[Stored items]
[Start of Attachment]

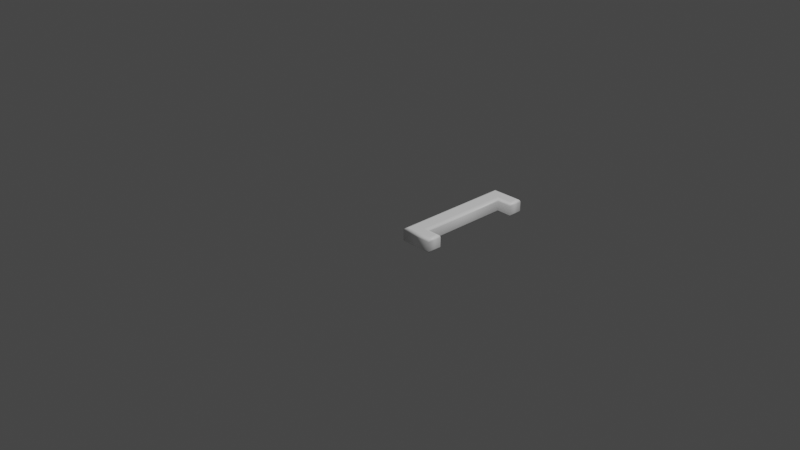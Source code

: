 # Source: 91.blend  (saved by Blender 2.83.19; exported with 4.5.12 LTS)
import bpy
from mathutils import Matrix  # noqa: F401  (used for matrix-valued properties, if any)

bpy.ops.wm.read_factory_settings(use_empty=True)
scene = bpy.context.scene
scene.name = 'Scene'

# ---- collections
col_collection = bpy.data.collections.new('Collection'); scene.collection.children.link(col_collection)

# ---- materials (node trees are filled in below, after node groups)
mat_material = bpy.data.materials.new('Material')
mat_material.alpha_threshold = 0.0
mat_material.use_transparent_shadow = False
mat_material.line_color = (0.0, 0.0, 0.0, 1.0)

# ---- material node trees
mat_material.use_nodes = True; mat_material.node_tree.nodes.clear()
_N = mat_material.node_tree.nodes; _L = mat_material.node_tree.links
n0 = _N.new('ShaderNodeOutputMaterial'); n0.name = 'Material Output'; n0.location = (300, 300)
n1 = _N.new('ShaderNodeBsdfPrincipled'); n1.name = 'Principled BSDF'; n1.location = (10, 300)
n1.distribution = 'GGX'
n1.subsurface_method = 'BURLEY'
n1.inputs[0].default_value = (1.0, 1.0, 1.0, 1.0)
n1.inputs[2].default_value = 0.4
n1.inputs[3].default_value = 1.45
n1.inputs[27].default_value = (0.0, 0.0, 0.0, 1.0)
n1.inputs[28].default_value = 1.0
_L.new(n1.outputs[0], n0.inputs[0])
n0.is_active_output = True

# ---- world
world_world = bpy.data.worlds.new('World'); scene.world = world_world
world_world.use_nodes = True; world_world.node_tree.nodes.clear()
_N = world_world.node_tree.nodes; _L = world_world.node_tree.links
n0 = _N.new('ShaderNodeOutputWorld'); n0.name = 'World Output'; n0.location = (300, 300)
n1 = _N.new('ShaderNodeBackground'); n1.name = 'Background'; n1.location = (10, 300)
n1.inputs[0].default_value = (0.05088, 0.05088, 0.05088, 1.0)
_L.new(n1.outputs[0], n0.inputs[0])
n0.is_active_output = True
world_world.color = (0.05088, 0.05088, 0.05088)
world_world.use_sun_shadow = False
world_world.sun_shadow_jitter_overblur = 0.0

# ---- cameras
cam_camera = bpy.data.cameras.new('Camera')
cam_camera.clip_end = 100.0
cam_camera.ortho_scale = 7.314

# ---- lights
light_light = bpy.data.lights.new('Light', 'POINT')
light_light.transmission_factor = 0.0
light_light.energy = 1000.0
light_light.shadow_soft_size = 0.1
light_light.shadow_maximum_resolution = 0.006
light_light.use_absolute_resolution = True

# ---- meshes
me_91 = bpy.data.meshes.new('91')
me_91.from_pydata([(0.3223, -0.188, 0.08), (0.3223, 1.083, 0.08), (0.6175, 1.083, 0.08), (0.6175, 0.9836, 0.08), (0.4504, 0.9836, 0.08), (0.4504, -0.08841, 0.08), (0.6175, -0.08841, 0.08), (0.6175, -0.188, 0.08), (0.3223, -0.188, -0.08), (0.3223, 1.083, -0.08), (0.6175, 1.083, -0.08), (0.6175, 0.9836, -0.08), (0.4504, 0.9836, -0.08), (0.4504, -0.08841, -0.08), (0.6175, -0.08841, -0.08), (0.6175, -0.188, -0.08), (0.3223, -0.188, -0.08), (0.3108, -0.1994, -0.07772), (0.3011, -0.2092, -0.07121), (0.2946, -0.2157, -0.06148), (0.2923, -0.218, -0.05), (0.2923, -0.218, 0.05), (0.2946, -0.2157, 0.06148), (0.3011, -0.2092, 0.07121), (0.3108, -0.1994, 0.07772), (0.3223, -0.188, 0.08), (0.3223, 1.083, -0.08), (0.3108, 1.095, -0.07772), (0.3011, 1.104, -0.07121), (0.2946, 1.111, -0.06148), (0.2923, 1.113, -0.05), (0.2923, 1.113, 0.05), (0.2946, 1.111, 0.06148), (0.3011, 1.104, 0.07121), (0.3108, 1.095, 0.07772), (0.3223, 1.083, 0.08), (0.6175, 1.083, -0.08), (0.629, 1.095, -0.07772), (0.6387, 1.104, -0.07121), (0.6452, 1.111, -0.06148), (0.6475, 1.113, -0.05), (0.6475, 1.113, 0.05), (0.6452, 1.111, 0.06148), (0.6387, 1.104, 0.07121), (0.629, 1.095, 0.07772), (0.6175, 1.083, 0.08), (0.6175, 0.9836, -0.08), (0.629, 0.9722, -0.07772), (0.6387, 0.9624, -0.07121), (0.6452, 0.9559, -0.06148), (0.6475, 0.9536, -0.05), (0.6475, 0.9536, 0.05), (0.6452, 0.9559, 0.06148), (0.6387, 0.9624, 0.07121), (0.629, 0.9722, 0.07772), (0.6175, 0.9836, 0.08), (0.4504, 0.9836, -0.08), (0.4619, 0.9722, -0.07772), (0.4716, 0.9624, -0.07121), (0.4781, 0.9559, -0.06148), (0.4804, 0.9536, -0.05), (0.4804, 0.9536, 0.05), (0.4781, 0.9559, 0.06148), (0.4716, 0.9624, 0.07121), (0.4619, 0.9722, 0.07772), (0.4504, 0.9836, 0.08), (0.4504, -0.08841, -0.08), (0.4619, -0.07693, -0.07772), (0.4716, -0.0672, -0.07121), (0.4781, -0.06069, -0.06148), (0.4804, -0.05841, -0.05), (0.4804, -0.05841, 0.05), (0.4781, -0.06069, 0.06148), (0.4716, -0.0672, 0.07121), (0.4619, -0.07693, 0.07772), (0.4504, -0.08841, 0.08), (0.6175, -0.08841, -0.08), (0.629, -0.07693, -0.07772), (0.6387, -0.0672, -0.07121), (0.6452, -0.06069, -0.06148), (0.6475, -0.05841, -0.05), (0.6475, -0.05841, 0.05), (0.6452, -0.06069, 0.06148), (0.6387, -0.0672, 0.07121), (0.629, -0.07693, 0.07772), (0.6175, -0.08841, 0.08), (0.6175, -0.188, -0.08), (0.629, -0.1994, -0.07772), (0.6387, -0.2092, -0.07121), (0.6452, -0.2157, -0.06148), (0.6475, -0.218, -0.05), (0.6475, -0.218, 0.05), (0.6452, -0.2157, 0.06148), (0.6387, -0.2092, 0.07121), (0.629, -0.1994, 0.07772), (0.6175, -0.188, 0.08)], [], [(0, 4, 1), (4, 2, 1), (4, 3, 2), (0, 5, 4), (0, 6, 5), (0, 7, 6), (12, 8, 9), (10, 12, 9), (11, 12, 10), (13, 8, 12), (14, 8, 13), (15, 8, 14), (17, 27, 26, 16), (18, 28, 27, 17), (19, 29, 28, 18), (20, 30, 29, 19), (21, 31, 30, 20), (22, 32, 31, 21), (23, 33, 32, 22), (24, 34, 33, 23), (25, 35, 34, 24), (27, 37, 36, 26), (28, 38, 37, 27), (29, 39, 38, 28), (30, 40, 39, 29), (31, 41, 40, 30), (32, 42, 41, 31), (33, 43, 42, 32), (34, 44, 43, 33), (35, 45, 44, 34), (37, 47, 46, 36), (38, 48, 47, 37), (39, 49, 48, 38), (40, 50, 49, 39), (41, 51, 50, 40), (42, 52, 51, 41), (43, 53, 52, 42), (44, 54, 53, 43), (45, 55, 54, 44), (47, 57, 56, 46), (48, 58, 57, 47), (49, 59, 58, 48), (50, 60, 59, 49), (51, 61, 60, 50), (52, 62, 61, 51), (53, 63, 62, 52), (54, 64, 63, 53), (55, 65, 64, 54), (57, 67, 66, 56), (58, 68, 67, 57), (59, 69, 68, 58), (60, 70, 69, 59), (61, 71, 70, 60), (62, 72, 71, 61), (63, 73, 72, 62), (64, 74, 73, 63), (65, 75, 74, 64), (67, 77, 76, 66), (68, 78, 77, 67), (69, 79, 78, 68), (70, 80, 79, 69), (71, 81, 80, 70), (72, 82, 81, 71), (73, 83, 82, 72), (74, 84, 83, 73), (75, 85, 84, 74), (77, 87, 86, 76), (78, 88, 87, 77), (79, 89, 88, 78), (80, 90, 89, 79), (81, 91, 90, 80), (82, 92, 91, 81), (83, 93, 92, 82), (84, 94, 93, 83), (85, 95, 94, 84), (87, 17, 16, 86), (88, 18, 17, 87), (89, 19, 18, 88), (90, 20, 19, 89), (91, 21, 20, 90), (92, 22, 21, 91), (93, 23, 22, 92), (94, 24, 23, 93), (95, 25, 24, 94)])
me_91.polygons.foreach_set('use_smooth', [0, 0, 0, 0, 0, 0, 0, 0, 0, 0, 0, 0, 1, 1, 1, 1, 1, 1, 1, 1, 1, 1, 1, 1, 1, 1, 1, 1, 1, 1, 1, 1, 1, 1, 1, 1, 1, 1, 1, 1, 1, 1, 1, 1, 1, 1, 1, 1, 1, 1, 1, 1, 1, 1, 1, 1, 1, 1, 1, 1, 1, 1, 1, 1, 1, 1, 1, 1, 1, 1, 1, 1, 1, 1, 1, 1, 1, 1, 1, 1, 1, 1, 1, 1])
_uv = me_91.uv_layers.new(name='UVMap')
_uv.uv.foreach_set('vector', [0.4443, 0.0001481, 0.5294, 0.7786, 0.4443, 0.8448, 0.5294, 0.7786, 0.6405, 0.8448, 0.4443, 0.8448, 0.5294, 0.7786, 0.6405, 0.7786, 0.6405, 0.8448, 0.4443, 0.0001481, 0.5294, 0.06629, 0.5294, 0.7786, 0.4443, 0.0001481, 0.6405, 0.06629, 0.5294, 0.06629, 0.4443, 0.0001481, 0.6405, 0.000148, 0.6405, 0.06629, 0.7518, 0.7786, 0.8369, 0.000148, 0.8369, 0.8448, 0.6408, 0.8448, 0.7518, 0.7786, 0.8369, 0.8448, 0.6408, 0.7786, 0.7518, 0.7786, 0.6408, 0.8448, 0.7518, 0.06629, 0.8369, 0.000148, 0.7518, 0.7786, 0.6408, 0.06629, 0.8369, 0.000148, 0.7518, 0.06629, 0.6408, 0.000148, 0.8369, 0.000148, 0.6408, 0.06629, 0.1239, 0.787, 0.1127, 0.23, 0.1203, 0.2317, 0.1308, 0.7851, 0.117, 0.7889, 0.1051, 0.2284, 0.1127, 0.23, 0.1239, 0.787, 0.1099, 0.7907, 0.0974, 0.2269, 0.1051, 0.2284, 0.117, 0.7889, 0.1025, 0.7926, 0.08962, 0.2255, 0.0974, 0.2269, 0.1099, 0.7907, 0.05192, 0.8114, 0.03814, 0.2098, 0.08962, 0.2255, 0.1025, 0.7926, 0.04267, 0.8142, 0.02892, 0.2076, 0.03814, 0.2098, 0.05192, 0.8114, 0.03314, 0.8176, 0.01945, 0.2049, 0.02892, 0.2076, 0.04267, 0.8142, 0.02345, 0.8213, 0.009958, 0.2017, 0.01945, 0.2049, 0.03314, 0.8176, 0.01334, 0.8254, 0.000148, 0.198, 0.009958, 0.2017, 0.02345, 0.8213, 0.1127, 0.23, 0.1925, 0.09287, 0.1952, 0.09755, 0.1203, 0.2317, 0.1051, 0.2284, 0.1899, 0.0882, 0.1925, 0.09287, 0.1127, 0.23, 0.0974, 0.2269, 0.1871, 0.08334, 0.1899, 0.0882, 0.1051, 0.2284, 0.08962, 0.2255, 0.184, 0.07834, 0.1871, 0.08334, 0.0974, 0.2269, 0.03814, 0.2098, 0.1667, 0.05122, 0.184, 0.07834, 0.08962, 0.2255, 0.02892, 0.2076, 0.163, 0.04497, 0.1667, 0.05122, 0.03814, 0.2098, 0.01945, 0.2049, 0.1591, 0.03799, 0.163, 0.04497, 0.02892, 0.2076, 0.009958, 0.2017, 0.1552, 0.02995, 0.1591, 0.03799, 0.01945, 0.2049, 0.000148, 0.198, 0.1511, 0.0202, 0.1552, 0.02995, 0.009958, 0.2017, 0.1925, 0.09287, 0.2334, 0.09695, 0.2287, 0.1008, 0.1952, 0.09755, 0.1899, 0.0882, 0.2378, 0.09306, 0.2334, 0.09695, 0.1925, 0.09287, 0.1871, 0.08334, 0.2419, 0.08893, 0.2378, 0.09306, 0.1899, 0.0882, 0.184, 0.07834, 0.2462, 0.08421, 0.2419, 0.08893, 0.1871, 0.08334, 0.1667, 0.05122, 0.2478, 0.03962, 0.2462, 0.08421, 0.184, 0.07834, 0.163, 0.04497, 0.2484, 0.03219, 0.2478, 0.03962, 0.1667, 0.05122, 0.1591, 0.03799, 0.2488, 0.02361, 0.2484, 0.03219, 0.163, 0.04497, 0.1552, 0.02995, 0.249, 0.01329, 0.2488, 0.02361, 0.1591, 0.03799, 0.1511, 0.0202, 0.2491, 0.000148, 0.249, 0.01329, 0.1552, 0.02995, 0.2334, 0.09695, 0.2247, 0.1876, 0.2159, 0.1871, 0.2287, 0.1008, 0.2378, 0.09306, 0.234, 0.1877, 0.2247, 0.1876, 0.2334, 0.09695, 0.2419, 0.08893, 0.2436, 0.1876, 0.234, 0.1877, 0.2378, 0.09306, 0.2462, 0.08421, 0.2536, 0.187, 0.2436, 0.1876, 0.2419, 0.08893, 0.2478, 0.03962, 0.3845, 0.08189, 0.2536, 0.187, 0.2462, 0.08421, 0.2484, 0.03219, 0.3984, 0.07115, 0.3845, 0.08189, 0.2478, 0.03962, 0.2488, 0.02361, 0.4132, 0.05938, 0.3984, 0.07115, 0.2484, 0.03219, 0.249, 0.01329, 0.4285, 0.04705, 0.4132, 0.05938, 0.2488, 0.02361, 0.2491, 0.000148, 0.444, 0.03476, 0.4285, 0.04705, 0.249, 0.01329, 0.2247, 0.1876, 0.2425, 0.7814, 0.2325, 0.7822, 0.2159, 0.1871, 0.234, 0.1877, 0.253, 0.7809, 0.2425, 0.7814, 0.2247, 0.1876, 0.2436, 0.1876, 0.2638, 0.7806, 0.253, 0.7809, 0.234, 0.1877, 0.2536, 0.187, 0.2747, 0.7807, 0.2638, 0.7806, 0.2436, 0.1876, 0.3845, 0.08189, 0.3893, 0.9488, 0.2747, 0.7807, 0.2536, 0.187, 0.3984, 0.07115, 0.4026, 0.9585, 0.3893, 0.9488, 0.3845, 0.08189, 0.4132, 0.05938, 0.4159, 0.9696, 0.4026, 0.9585, 0.3984, 0.07115, 0.4285, 0.04705, 0.4298, 0.9816, 0.4159, 0.9696, 0.4132, 0.05938, 0.444, 0.03476, 0.444, 0.9939, 0.4298, 0.9816, 0.4285, 0.04705, 0.2425, 0.7814, 0.255, 0.889, 0.2495, 0.8855, 0.2325, 0.7822, 0.253, 0.7809, 0.2601, 0.8927, 0.255, 0.889, 0.2425, 0.7814, 0.2638, 0.7806, 0.265, 0.8966, 0.2601, 0.8927, 0.253, 0.7809, 0.2747, 0.7807, 0.2699, 0.9007, 0.265, 0.8966, 0.2638, 0.7806, 0.3893, 0.9488, 0.2772, 0.9666, 0.2699, 0.9007, 0.2747, 0.7807, 0.4026, 0.9585, 0.277, 0.9735, 0.2772, 0.9666, 0.3893, 0.9488, 0.4159, 0.9696, 0.2766, 0.9809, 0.277, 0.9735, 0.4026, 0.9585, 0.4298, 0.9816, 0.2758, 0.9894, 0.2766, 0.9809, 0.4159, 0.9696, 0.444, 0.9939, 0.2742, 0.9999, 0.2758, 0.9894, 0.4298, 0.9816, 0.255, 0.889, 0.2131, 0.8986, 0.2152, 0.8935, 0.2495, 0.8855, 0.2601, 0.8927, 0.211, 0.9036, 0.2131, 0.8986, 0.255, 0.889, 0.265, 0.8966, 0.2089, 0.9089, 0.211, 0.9036, 0.2601, 0.8927, 0.2699, 0.9007, 0.2069, 0.9144, 0.2089, 0.9089, 0.265, 0.8966, 0.2772, 0.9666, 0.1948, 0.9553, 0.2069, 0.9144, 0.2699, 0.9007, 0.277, 0.9735, 0.1915, 0.9618, 0.1948, 0.9553, 0.2772, 0.9666, 0.2766, 0.9809, 0.188, 0.9691, 0.1915, 0.9618, 0.277, 0.9735, 0.2758, 0.9894, 0.184, 0.9772, 0.188, 0.9691, 0.2766, 0.9809, 0.2742, 0.9999, 0.1793, 0.9867, 0.184, 0.9772, 0.2758, 0.9894, 0.2131, 0.8986, 0.1239, 0.787, 0.1308, 0.7851, 0.2152, 0.8935, 0.211, 0.9036, 0.117, 0.7889, 0.1239, 0.787, 0.2131, 0.8986, 0.2089, 0.9089, 0.1099, 0.7907, 0.117, 0.7889, 0.211, 0.9036, 0.2069, 0.9144, 0.1025, 0.7926, 0.1099, 0.7907, 0.2089, 0.9089, 0.1948, 0.9553, 0.05192, 0.8114, 0.1025, 0.7926, 0.2069, 0.9144, 0.1915, 0.9618, 0.04267, 0.8142, 0.05192, 0.8114, 0.1948, 0.9553, 0.188, 0.9691, 0.03314, 0.8176, 0.04267, 0.8142, 0.1915, 0.9618, 0.184, 0.9772, 0.02345, 0.8213, 0.03314, 0.8176, 0.188, 0.9691, 0.1793, 0.9867, 0.01334, 0.8254, 0.02345, 0.8213, 0.184, 0.9772])
me_91.materials.append(mat_material)
me_91.use_remesh_fix_poles = True
me_91.use_remesh_preserve_attributes = False
me_91.use_mirror_vertex_groups = False
me_91.update()

# ---- objects
ob_light = bpy.data.objects.new('Light', light_light)
ob_camera = bpy.data.objects.new('Camera', cam_camera)
ob_91 = bpy.data.objects.new('91', me_91)

# ---- transforms, parenting, visibility, modifiers, constraints
ob_light.location = (4.076, 1.005, 5.904)
ob_light.rotation_euler = (0.6503, 0.05522, 1.866)
ob_light.lock_rotations_4d = False
ob_light.empty_display_type = 'ARROWS'
ob_light.color = (0.0, 0.0, 0.0, 0.0)
ob_light.lineart.crease_threshold = 0.0
ob_camera.location = (7.359, -6.926, 4.958)
ob_camera.rotation_euler = (1.109, 0.0, 0.8149)
ob_camera.lock_rotations_4d = False
ob_camera.empty_display_type = 'ARROWS'
ob_camera.color = (0.0, 0.0, 0.0, 0.0)
ob_camera.display_type = 'WIRE'
ob_camera.lineart.crease_threshold = 0.0
ob_91.location = (0.0, 0.0, 0.0)
ob_91.lineart.crease_threshold = 0.0

# ---- collection membership
col_collection.objects.link(ob_light)
col_collection.objects.link(ob_camera)
col_collection.objects.link(ob_91)

# ---- scene / render settings (as saved in the file)
scene.camera = ob_camera
scene.frame_start = 1; scene.frame_end = 250; scene.frame_set(1)
scene.render.engine = 'BLENDER_EEVEE_NEXT'
scene.cycles.use_denoising = False
scene.cycles.samples = 128
scene.cycles.sampling_pattern = 'TABULATED_SOBOL'
scene.cycles.use_adaptive_sampling = False
scene.cycles.use_light_tree = False
scene.view_settings.view_transform = 'Filmic'
bpy.context.view_layer.update()

[End of Attachment]

§ WHAT THE TASK ASKS
Look through the entries above and report the number of lines that contain "cycles". Write only the number.

§ TASK RESULT
5